Does anybody have thoughts or opinions or experience with the NAP Quiktune Sizzor rest ?? I want a drop-away to shoot with FOB's with and I had it narrowed down to a RipCord Red or a QAD UltraRest LD.......now I saw the Sizzor and wonder if I need to consider it as well. Just can't pull the trigger on which one uuugghhh. Help push me over the edge.


----------



## coiloil37 (May 27, 2010)

I had one on a guardian and really liked it. Easy to tune and had zero contact issues. I bought one for my Hoyt and it lasted about a week before the launcher arms wouldn't stay closed. I suppose it's a dud but I can't seem to trust them now so I'm back shooting biscuits.


----------



## jrboy808 (Sep 20, 2007)

I have the sizzor on two of my bows and i love em. Haven't had any problems, set up is fairly easy. It works great with fobs, maximum clearance top and bottom. (But it didnt work on my Mathews Z7xtreme because the roller cable guard bracket is too big and the rest couldnt get high enough for my arrow to be level with the berger hole). So I put on a QAD Ultra rest HDX and it works great. I still would prefer the sizzor rest for fobs though!


----------



## Peetzakilla (Apr 29, 2010)

My uncle bought one, it broke (within a couple months), they fixed it, been fine ever since, about 2 years now. 

I bought one, it broke (within weeks), they have it now, I'm hoping it's fine forever after. If not, it's getting replaced and sold NIB. 

I love the rest, I don't see how people think it's loud and I've got it on a fairly quiet bow (Katera XL). This will be it's last chance though.


----------



## kyfirefighter (Dec 20, 2008)

had one on an AR 31 and it was GREAT with FOBs, will be putting one on my new Bear Strike soon!






first two shots with the sizzor rest


----------



## jprice03 (Oct 2, 2011)

hello im new but i use a rip cord code red on my d350 works great but im not using fobs how are fobs they look cool do they work well with broadheads ?


----------



## Peetzakilla (Apr 29, 2010)

jprice03 said:


> hello im new but i use a rip cord code red on my d350 works great but im not using fobs how are fobs they look cool do they work well with broadheads ?


FOBs work fine. I don't shoot well enough to see any accuracy difference, if there is one. They don't seem better or worse, louder, quieter, faster or slower, than 2" blazers or fusions, though they are certainly easier to replace. I do hear that they lose less speed over distance but that's not really relevant to me so I've never chronied them to see. 

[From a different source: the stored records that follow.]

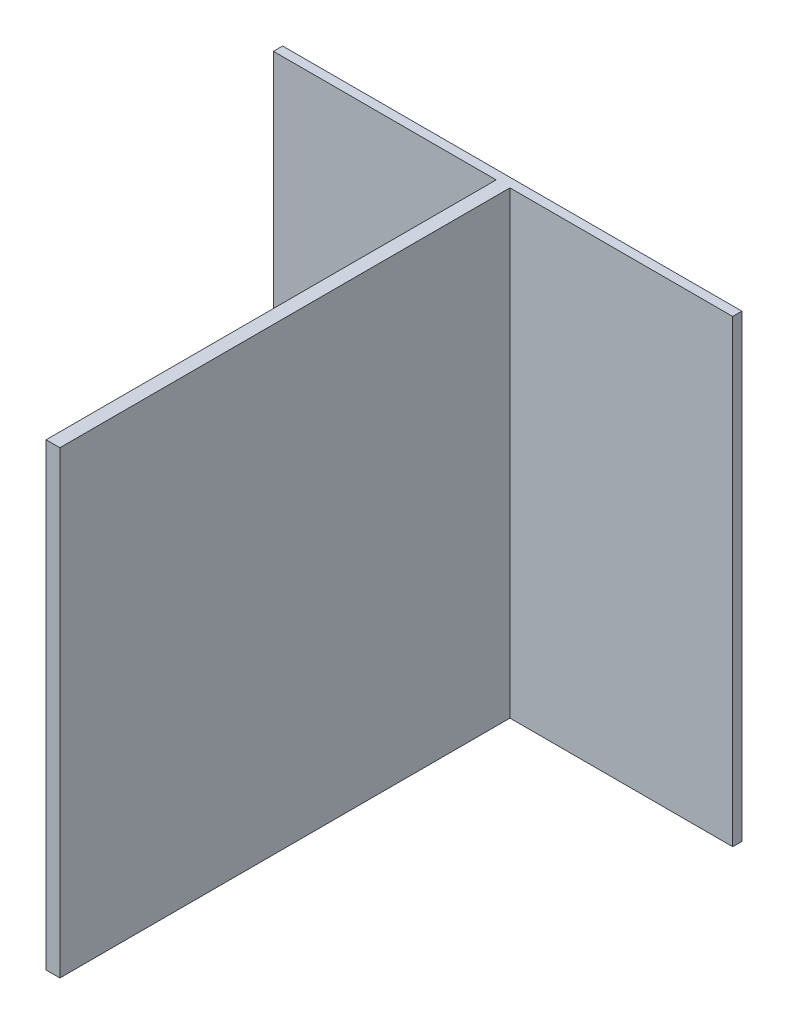
ISO-10303-21;
HEADER;
FILE_DESCRIPTION(('STEP AP214'),'2;1');
FILE_NAME('part.step','',(''),(''),'','','');
FILE_SCHEMA(('AUTOMOTIVE_DESIGN { 1 0 10303 214 1 1 1 1 }'));
ENDSEC;
DATA;
#1=APPLICATION_CONTEXT('core data for automotive mechanical design processes');
#2=APPLICATION_PROTOCOL_DEFINITION('international standard','automotive_design',2000,#1);
#3=PRODUCT_CONTEXT('',#1,'mechanical');
#4=PRODUCT('Part','Part','',(#3));
#5=PRODUCT_RELATED_PRODUCT_CATEGORY('part','',(#4));
#6=PRODUCT_DEFINITION_FORMATION('','',#4);
#7=PRODUCT_DEFINITION_CONTEXT('part definition',#1,'design');
#8=PRODUCT_DEFINITION('design','',#6,#7);
#9=PRODUCT_DEFINITION_SHAPE('','',#8);
#10=(LENGTH_UNIT() NAMED_UNIT(*) SI_UNIT(.MILLI.,.METRE.));
#11=(NAMED_UNIT(*) PLANE_ANGLE_UNIT() SI_UNIT($,.RADIAN.));
#12=(NAMED_UNIT(*) SI_UNIT($,.STERADIAN.) SOLID_ANGLE_UNIT());
#13=UNCERTAINTY_MEASURE_WITH_UNIT(LENGTH_MEASURE(1.E-05),#10,'distance_accuracy_value','');
#14=(GEOMETRIC_REPRESENTATION_CONTEXT(3) GLOBAL_UNCERTAINTY_ASSIGNED_CONTEXT((#13)) GLOBAL_UNIT_ASSIGNED_CONTEXT((#10,
#11,#12)) REPRESENTATION_CONTEXT('',''));
#15=CARTESIAN_POINT('',(0.,0.,0.));
#16=DIRECTION('',(0.,0.,1.));
#17=DIRECTION('',(1.,0.,0.));
#18=AXIS2_PLACEMENT_3D('',#15,#16,#17);
#19=CARTESIAN_POINT('',(0.,0.,4.));
#20=DIRECTION('',(0.,0.,1.));
#21=DIRECTION('',(1.,0.,0.));
#22=AXIS2_PLACEMENT_3D('',#19,#20,#21);
#23=PLANE('',#22);
#24=DIRECTION('',(-1.,0.,0.));
#25=VECTOR('',#24,1.);
#26=CARTESIAN_POINT('',(0.,-100.,4.));
#27=LINE('',#26,#25);
#28=CARTESIAN_POINT('',(-3.,-100.,4.));
#29=VERTEX_POINT('',#28);
#30=CARTESIAN_POINT('',(-100.,-100.,4.));
#31=VERTEX_POINT('',#30);
#32=EDGE_CURVE('E62',#29,#31,#27,.T.);
#33=ORIENTED_EDGE('',*,*,#32,.F.);
#34=DIRECTION('',(0.,1.,0.));
#35=VECTOR('',#34,1.);
#36=CARTESIAN_POINT('',(-3.,0.,4.));
#37=LINE('',#36,#35);
#38=CARTESIAN_POINT('',(-3.,100.,4.));
#39=VERTEX_POINT('',#38);
#40=EDGE_CURVE('E57',#29,#39,#37,.T.);
#41=ORIENTED_EDGE('',*,*,#40,.T.);
#42=DIRECTION('',(-1.,0.,0.));
#43=VECTOR('',#42,1.);
#44=CARTESIAN_POINT('',(0.,100.,4.));
#45=LINE('',#44,#43);
#46=CARTESIAN_POINT('',(-100.,100.,4.));
#47=VERTEX_POINT('',#46);
#48=EDGE_CURVE('E149',#39,#47,#45,.T.);
#49=ORIENTED_EDGE('',*,*,#48,.T.);
#50=DIRECTION('',(0.,-1.,0.));
#51=VECTOR('',#50,1.);
#52=CARTESIAN_POINT('',(-100.,0.,4.));
#53=LINE('',#52,#51);
#54=EDGE_CURVE('E153',#47,#31,#53,.T.);
#55=ORIENTED_EDGE('',*,*,#54,.T.);
#56=EDGE_LOOP('',(#33,#41,#49,#55));
#57=FACE_BOUND('',#56,.T.);
#58=ADVANCED_FACE('F41',(#57),#23,.T.);
#59=CARTESIAN_POINT('',(0.,-100.,4.));
#60=DIRECTION('',(0.,-1.,0.));
#61=DIRECTION('',(0.,0.,-1.));
#62=AXIS2_PLACEMENT_3D('',#59,#60,#61);
#63=PLANE('',#62);
#64=DIRECTION('',(-1.,0.,0.));
#65=VECTOR('',#64,1.);
#66=CARTESIAN_POINT('',(0.,-100.,0.));
#67=LINE('',#66,#65);
#68=CARTESIAN_POINT('',(100.,-100.,0.));
#69=VERTEX_POINT('',#68);
#70=CARTESIAN_POINT('',(-100.,-100.,0.));
#71=VERTEX_POINT('',#70);
#72=EDGE_CURVE('E132',#69,#71,#67,.T.);
#73=ORIENTED_EDGE('',*,*,#72,.F.);
#74=DIRECTION('',(0.,0.,-1.));
#75=VECTOR('',#74,1.);
#76=CARTESIAN_POINT('',(100.,-100.,4.));
#77=LINE('',#76,#75);
#78=CARTESIAN_POINT('',(100.,-100.,4.));
#79=VERTEX_POINT('',#78);
#80=EDGE_CURVE('E11',#79,#69,#77,.T.);
#81=ORIENTED_EDGE('',*,*,#80,.F.);
#82=CARTESIAN_POINT('',(3.,-100.,4.));
#83=VERTEX_POINT('',#82);
#84=EDGE_CURVE('E130',#79,#83,#27,.T.);
#85=ORIENTED_EDGE('',*,*,#84,.T.);
#86=DIRECTION('',(0.,0.,-1.));
#87=VECTOR('',#86,1.);
#88=CARTESIAN_POINT('',(3.00000000000001,-100.,200.));
#89=LINE('',#88,#87);
#90=CARTESIAN_POINT('',(3.00000000000001,-100.,200.));
#91=VERTEX_POINT('',#90);
#92=EDGE_CURVE('E110',#91,#83,#89,.T.);
#93=ORIENTED_EDGE('',*,*,#92,.F.);
#94=DIRECTION('',(1.,0.,0.));
#95=VECTOR('',#94,1.);
#96=CARTESIAN_POINT('',(0.,-100.,200.));
#97=LINE('',#96,#95);
#98=CARTESIAN_POINT('',(-2.99999999999999,-100.,200.));
#99=VERTEX_POINT('',#98);
#100=EDGE_CURVE('E117',#99,#91,#97,.T.);
#101=ORIENTED_EDGE('',*,*,#100,.F.);
#102=DIRECTION('',(0.,0.,-1.));
#103=VECTOR('',#102,1.);
#104=CARTESIAN_POINT('',(-2.99999999999999,-100.,200.));
#105=LINE('',#104,#103);
#106=EDGE_CURVE('E195',#99,#29,#105,.T.);
#107=ORIENTED_EDGE('',*,*,#106,.T.);
#108=ORIENTED_EDGE('',*,*,#32,.T.);
#109=DIRECTION('',(0.,0.,-1.));
#110=VECTOR('',#109,1.);
#111=CARTESIAN_POINT('',(-100.,-100.,4.));
#112=LINE('',#111,#110);
#113=EDGE_CURVE('E155',#31,#71,#112,.T.);
#114=ORIENTED_EDGE('',*,*,#113,.T.);
#115=EDGE_LOOP('',(#73,#81,#85,#93,#101,#107,#108,#114));
#116=FACE_BOUND('',#115,.T.);
#117=ADVANCED_FACE('F43',(#116),#63,.T.);
#118=CARTESIAN_POINT('',(100.,0.,4.));
#119=DIRECTION('',(1.,0.,0.));
#120=DIRECTION('',(0.,0.,-1.));
#121=AXIS2_PLACEMENT_3D('',#118,#119,#120);
#122=PLANE('',#121);
#123=DIRECTION('',(0.,-1.,0.));
#124=VECTOR('',#123,1.);
#125=CARTESIAN_POINT('',(100.,0.,0.));
#126=LINE('',#125,#124);
#127=CARTESIAN_POINT('',(100.,100.,0.));
#128=VERTEX_POINT('',#127);
#129=EDGE_CURVE('E137',#128,#69,#126,.T.);
#130=ORIENTED_EDGE('',*,*,#129,.F.);
#131=DIRECTION('',(0.,0.,-1.));
#132=VECTOR('',#131,1.);
#133=CARTESIAN_POINT('',(100.,100.,4.));
#134=LINE('',#133,#132);
#135=CARTESIAN_POINT('',(100.,100.,4.));
#136=VERTEX_POINT('',#135);
#137=EDGE_CURVE('E50',#136,#128,#134,.T.);
#138=ORIENTED_EDGE('',*,*,#137,.F.);
#139=DIRECTION('',(0.,-1.,0.));
#140=VECTOR('',#139,1.);
#141=CARTESIAN_POINT('',(100.,0.,4.));
#142=LINE('',#141,#140);
#143=EDGE_CURVE('E145',#136,#79,#142,.T.);
#144=ORIENTED_EDGE('',*,*,#143,.T.);
#145=ORIENTED_EDGE('',*,*,#80,.T.);
#146=EDGE_LOOP('',(#130,#138,#144,#145));
#147=FACE_BOUND('',#146,.T.);
#148=ADVANCED_FACE('F184',(#147),#122,.T.);
#149=CARTESIAN_POINT('',(0.,100.,4.));
#150=DIRECTION('',(0.,-1.,0.));
#151=DIRECTION('',(0.,0.,-1.));
#152=AXIS2_PLACEMENT_3D('',#149,#150,#151);
#153=PLANE('',#152);
#154=DIRECTION('',(-1.,0.,0.));
#155=VECTOR('',#154,1.);
#156=CARTESIAN_POINT('',(0.,100.,0.));
#157=LINE('',#156,#155);
#158=CARTESIAN_POINT('',(-100.,100.,0.));
#159=VERTEX_POINT('',#158);
#160=EDGE_CURVE('E160',#128,#159,#157,.T.);
#161=ORIENTED_EDGE('',*,*,#160,.T.);
#162=DIRECTION('',(0.,0.,-1.));
#163=VECTOR('',#162,1.);
#164=CARTESIAN_POINT('',(-100.,100.,4.));
#165=LINE('',#164,#163);
#166=EDGE_CURVE('E169',#47,#159,#165,.T.);
#167=ORIENTED_EDGE('',*,*,#166,.F.);
#168=ORIENTED_EDGE('',*,*,#48,.F.);
#169=DIRECTION('',(0.,0.,-1.));
#170=VECTOR('',#169,1.);
#171=CARTESIAN_POINT('',(-3.,100.,200.));
#172=LINE('',#171,#170);
#173=CARTESIAN_POINT('',(-3.,100.,200.));
#174=VERTEX_POINT('',#173);
#175=EDGE_CURVE('E139',#174,#39,#172,.T.);
#176=ORIENTED_EDGE('',*,*,#175,.F.);
#177=DIRECTION('',(-1.,0.,0.));
#178=VECTOR('',#177,1.);
#179=CARTESIAN_POINT('',(0.,100.,200.));
#180=LINE('',#179,#178);
#181=CARTESIAN_POINT('',(3.,100.,200.));
#182=VERTEX_POINT('',#181);
#183=EDGE_CURVE('E116',#182,#174,#180,.T.);
#184=ORIENTED_EDGE('',*,*,#183,.F.);
#185=DIRECTION('',(0.,0.,-1.));
#186=VECTOR('',#185,1.);
#187=CARTESIAN_POINT('',(3.,100.,200.));
#188=LINE('',#187,#186);
#189=CARTESIAN_POINT('',(3.,100.,4.));
#190=VERTEX_POINT('',#189);
#191=EDGE_CURVE('E112',#182,#190,#188,.T.);
#192=ORIENTED_EDGE('',*,*,#191,.T.);
#193=EDGE_CURVE('E150',#136,#190,#45,.T.);
#194=ORIENTED_EDGE('',*,*,#193,.F.);
#195=ORIENTED_EDGE('',*,*,#137,.T.);
#196=EDGE_LOOP('',(#161,#167,#168,#176,#184,#192,#194,#195));
#197=FACE_BOUND('',#196,.T.);
#198=ADVANCED_FACE('F176',(#197),#153,.F.);
#199=CARTESIAN_POINT('',(-100.,0.,4.));
#200=DIRECTION('',(1.,0.,0.));
#201=DIRECTION('',(0.,0.,-1.));
#202=AXIS2_PLACEMENT_3D('',#199,#200,#201);
#203=PLANE('',#202);
#204=DIRECTION('',(0.,-1.,0.));
#205=VECTOR('',#204,1.);
#206=CARTESIAN_POINT('',(-100.,0.,0.));
#207=LINE('',#206,#205);
#208=EDGE_CURVE('E163',#159,#71,#207,.T.);
#209=ORIENTED_EDGE('',*,*,#208,.T.);
#210=ORIENTED_EDGE('',*,*,#113,.F.);
#211=ORIENTED_EDGE('',*,*,#54,.F.);
#212=ORIENTED_EDGE('',*,*,#166,.T.);
#213=EDGE_LOOP('',(#209,#210,#211,#212));
#214=FACE_BOUND('',#213,.T.);
#215=ADVANCED_FACE('F188',(#214),#203,.F.);
#216=DIRECTION('',(0.,1.,0.));
#217=VECTOR('',#216,1.);
#218=CARTESIAN_POINT('',(3.,0.,4.));
#219=LINE('',#218,#217);
#220=EDGE_CURVE('E201',#83,#190,#219,.T.);
#221=ORIENTED_EDGE('',*,*,#220,.F.);
#222=ORIENTED_EDGE('',*,*,#84,.F.);
#223=ORIENTED_EDGE('',*,*,#143,.F.);
#224=ORIENTED_EDGE('',*,*,#193,.T.);
#225=EDGE_LOOP('',(#221,#222,#223,#224));
#226=FACE_BOUND('',#225,.T.);
#227=ADVANCED_FACE('F208',(#226),#23,.T.);
#228=CARTESIAN_POINT('',(0.,0.,0.));
#229=DIRECTION('',(0.,0.,1.));
#230=DIRECTION('',(1.,0.,0.));
#231=AXIS2_PLACEMENT_3D('',#228,#229,#230);
#232=PLANE('',#231);
#233=ORIENTED_EDGE('',*,*,#72,.T.);
#234=ORIENTED_EDGE('',*,*,#208,.F.);
#235=ORIENTED_EDGE('',*,*,#160,.F.);
#236=ORIENTED_EDGE('',*,*,#129,.T.);
#237=EDGE_LOOP('',(#233,#234,#235,#236));
#238=FACE_BOUND('',#237,.T.);
#239=ADVANCED_FACE('F183',(#238),#232,.F.);
#240=CARTESIAN_POINT('',(3.,0.,200.));
#241=DIRECTION('',(-1.,0.,0.));
#242=DIRECTION('',(0.,0.,1.));
#243=AXIS2_PLACEMENT_3D('',#240,#241,#242);
#244=PLANE('',#243);
#245=ORIENTED_EDGE('',*,*,#220,.T.);
#246=ORIENTED_EDGE('',*,*,#191,.F.);
#247=DIRECTION('',(0.,1.,0.));
#248=VECTOR('',#247,1.);
#249=CARTESIAN_POINT('',(3.,0.,200.));
#250=LINE('',#249,#248);
#251=EDGE_CURVE('E105',#91,#182,#250,.T.);
#252=ORIENTED_EDGE('',*,*,#251,.F.);
#253=ORIENTED_EDGE('',*,*,#92,.T.);
#254=EDGE_LOOP('',(#245,#246,#252,#253));
#255=FACE_BOUND('',#254,.T.);
#256=ADVANCED_FACE('F108',(#255),#244,.F.);
#257=CARTESIAN_POINT('',(-3.,0.,200.));
#258=DIRECTION('',(-1.,0.,0.));
#259=DIRECTION('',(0.,0.,1.));
#260=AXIS2_PLACEMENT_3D('',#257,#258,#259);
#261=PLANE('',#260);
#262=ORIENTED_EDGE('',*,*,#40,.F.);
#263=ORIENTED_EDGE('',*,*,#106,.F.);
#264=DIRECTION('',(0.,1.,0.));
#265=VECTOR('',#264,1.);
#266=CARTESIAN_POINT('',(-3.,0.,200.));
#267=LINE('',#266,#265);
#268=EDGE_CURVE('E123',#99,#174,#267,.T.);
#269=ORIENTED_EDGE('',*,*,#268,.T.);
#270=ORIENTED_EDGE('',*,*,#175,.T.);
#271=EDGE_LOOP('',(#262,#263,#269,#270));
#272=FACE_BOUND('',#271,.T.);
#273=ADVANCED_FACE('F193',(#272),#261,.T.);
#274=CARTESIAN_POINT('',(0.,0.,200.));
#275=DIRECTION('',(0.,0.,1.));
#276=DIRECTION('',(1.,0.,0.));
#277=AXIS2_PLACEMENT_3D('',#274,#275,#276);
#278=PLANE('',#277);
#279=ORIENTED_EDGE('',*,*,#100,.T.);
#280=ORIENTED_EDGE('',*,*,#251,.T.);
#281=ORIENTED_EDGE('',*,*,#183,.T.);
#282=ORIENTED_EDGE('',*,*,#268,.F.);
#283=EDGE_LOOP('',(#279,#280,#281,#282));
#284=FACE_BOUND('',#283,.T.);
#285=ADVANCED_FACE('F121',(#284),#278,.T.);
#286=CLOSED_SHELL('',(#58,#117,#148,#198,#215,#227,#239,#256,#273,#285));
#287=MANIFOLD_SOLID_BREP('B2',#286);
#288=ADVANCED_BREP_SHAPE_REPRESENTATION('',(#18,#287),#14);
#289=SHAPE_DEFINITION_REPRESENTATION(#9,#288);
ENDSEC;
END-ISO-10303-21;

My only issue with FOBs is that I use the fletch touching my lip as part of my anchor, the FOBs screw with that part.


----------



## 220 (Mar 25, 2005)

Had one on my AlphaMax two years ago, have one on my Carbon Element this year. No issues out of either one. Love it for the fact it's full containment, and the whether you draw and let down a dozen times before shooting, the arrow remains in the same place ready for the shot. Obviously, fletching contact is a non-issue with the Sizzor as well.


----------



## Peetzakilla (Apr 29, 2010)

I just sent mine in for repair... took them two weeks to get it back to me after promising one day turn around. 
Deer season wasn't waiting. I have a Trophy Ridge Revolution now and it's great so far. 
I also have a repaired sizzor for the Hoyt Tec Riser for sale. >:-(


----------